▸ INSTRUCTIONS TO FOLLOW: Extract from the entries below, exactly as given, only the lines from the line containing "# F0 (on Front) → F1 (new body)" to the line containing "fillet(f10_edges, radius=F10_R)", both lines included.

^^^^

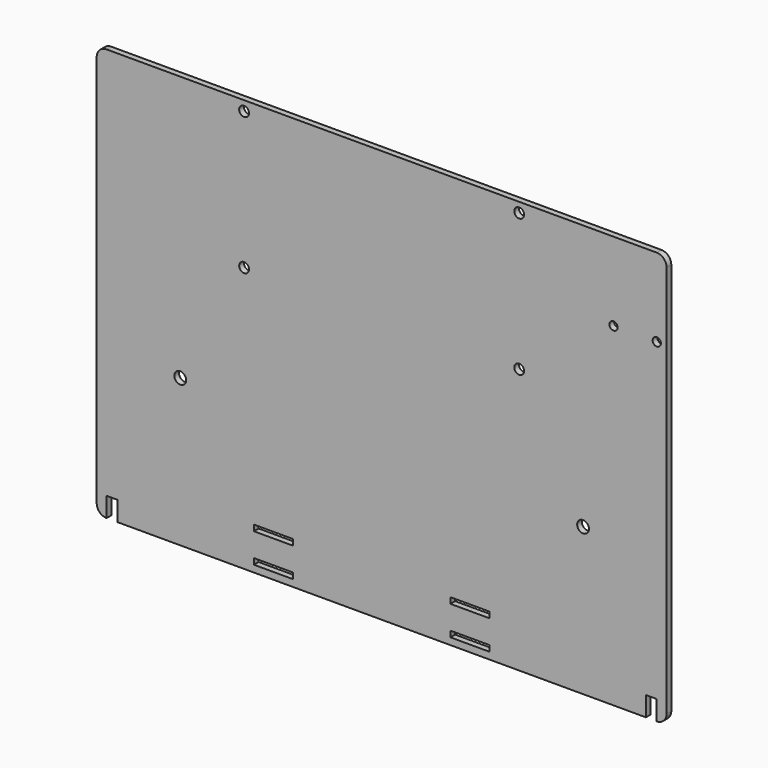
from build123d import *

# Parameters (mm, degrees)
F1_DEPTH = 3
F2_R     = 2.5
F3_DEPTH = 3
F4_R     = 3
F5_DEPTH = 3
F6_R     = 2.1
F7_DEPTH = 3
F8_W     = 20
F8_H     = 3
F9_DEPTH = 3
F10_R    = 4.99999


# Not quite as in the source:
# - a fillet or chamfer is up to 0.001 mm smaller than in the source, because OpenCascade refuses the exact size


with BuildPart() as f1:
    # F0 (on Front) → F1 (new body)
    with BuildSketch(Plane.XZ):
        Polygon((140, -105), (145, -105), (145, 105), (-145, 105), (-145, -105), (-140, -105), (-140, -95), (-134.5, -95), (-134.5, -105), (134.5, -105), (134.5, -95), (140, -95), align=None)
    extrude(amount=F1_DEPTH)

    # F2 (on face) → F3 (cut, through all)
    with BuildSketch(Plane.XZ.offset(3)):
        with Locations((-70, 100)):
            Circle(F2_R)
        with Locations((-70, 30)):
            Circle(F2_R)
        with Locations((70, 100)):
            Circle(F2_R)
        with Locations((70, 30)):
            Circle(F2_R)
    extrude(amount=-F3_DEPTH, mode=Mode.SUBTRACT)

    # F4 (on face) → F5 (cut, through all)
    with BuildSketch(Plane.XZ.offset(3)):
        with Locations((102.5, -30)):
            Circle(F4_R)
        with Locations((-102.5, -30)):
            Circle(F4_R)
    extrude(amount=-F5_DEPTH, mode=Mode.SUBTRACT)

    # F6 (on face) → F7 (cut, through all)
    with BuildSketch(Plane.XZ.offset(3)):
        with Locations((118, 65)):
            Circle(F6_R)
        with Locations((140, 65)):
            Circle(F6_R)
    extrude(amount=-F7_DEPTH, mode=Mode.SUBTRACT)

    # F8 (on face) → F9 (cut, through all)
    with BuildSketch(Plane.XZ.offset(3)):
        with Locations((-55, -85)):
            Rectangle(F8_W, F8_H)
        with Locations((45, -85)):
            Rectangle(F8_W, F8_H)
        with Locations((45, -100)):
            Rectangle(F8_W, F8_H)
        with Locations((-55, -100)):
            Rectangle(F8_W, F8_H)
    extrude(amount=-F9_DEPTH, mode=Mode.SUBTRACT)

    # F10 (radius 5 in the source; OpenCascade refuses exactly that, so slightly less here)
    f10_edges = [f1.edges().sort_by_distance(p)[0] for p in [
        (-145, -1.5, 105),
        (-145, -1.5, -105),
        (145, -1.5, -105),
        (145, -1.5, 105),
    ]]
    fillet(f10_edges, radius=F10_R)


solid = f1.part

^^^^

▸ RESULT OF THIS TASK:
    # F0 (on Front) → F1 (new body)
    with BuildSketch(Plane.XZ):
        Polygon((140, -105), (145, -105), (145, 105), (-145, 105), (-145, -105), (-140, -105), (-140, -95), (-134.5, -95), (-134.5, -105), (134.5, -105), (134.5, -95), (140, -95), align=None)
    extrude(amount=F1_DEPTH)

    # F2 (on face) → F3 (cut, through all)
    with BuildSketch(Plane.XZ.offset(3)):
        with Locations((-70, 100)):
            Circle(F2_R)
        with Locations((-70, 30)):
            Circle(F2_R)
        with Locations((70, 100)):
            Circle(F2_R)
        with Locations((70, 30)):
            Circle(F2_R)
    extrude(amount=-F3_DEPTH, mode=Mode.SUBTRACT)

    # F4 (on face) → F5 (cut, through all)
    with BuildSketch(Plane.XZ.offset(3)):
        with Locations((102.5, -30)):
            Circle(F4_R)
        with Locations((-102.5, -30)):
            Circle(F4_R)
    extrude(amount=-F5_DEPTH, mode=Mode.SUBTRACT)

    # F6 (on face) → F7 (cut, through all)
    with BuildSketch(Plane.XZ.offset(3)):
        with Locations((118, 65)):
            Circle(F6_R)
        with Locations((140, 65)):
            Circle(F6_R)
    extrude(amount=-F7_DEPTH, mode=Mode.SUBTRACT)

    # F8 (on face) → F9 (cut, through all)
    with BuildSketch(Plane.XZ.offset(3)):
        with Locations((-55, -85)):
            Rectangle(F8_W, F8_H)
        with Locations((45, -85)):
            Rectangle(F8_W, F8_H)
        with Locations((45, -100)):
            Rectangle(F8_W, F8_H)
        with Locations((-55, -100)):
            Rectangle(F8_W, F8_H)
    extrude(amount=-F9_DEPTH, mode=Mode.SUBTRACT)

    # F10 (radius 5 in the source; OpenCascade refuses exactly that, so slightly less here)
    f10_edges = [f1.edges().sort_by_distance(p)[0] for p in [
        (-145, -1.5, 105),
        (-145, -1.5, -105),
        (145, -1.5, -105),
        (145, -1.5, 105),
    ]]
    fillet(f10_edges, radius=F10_R)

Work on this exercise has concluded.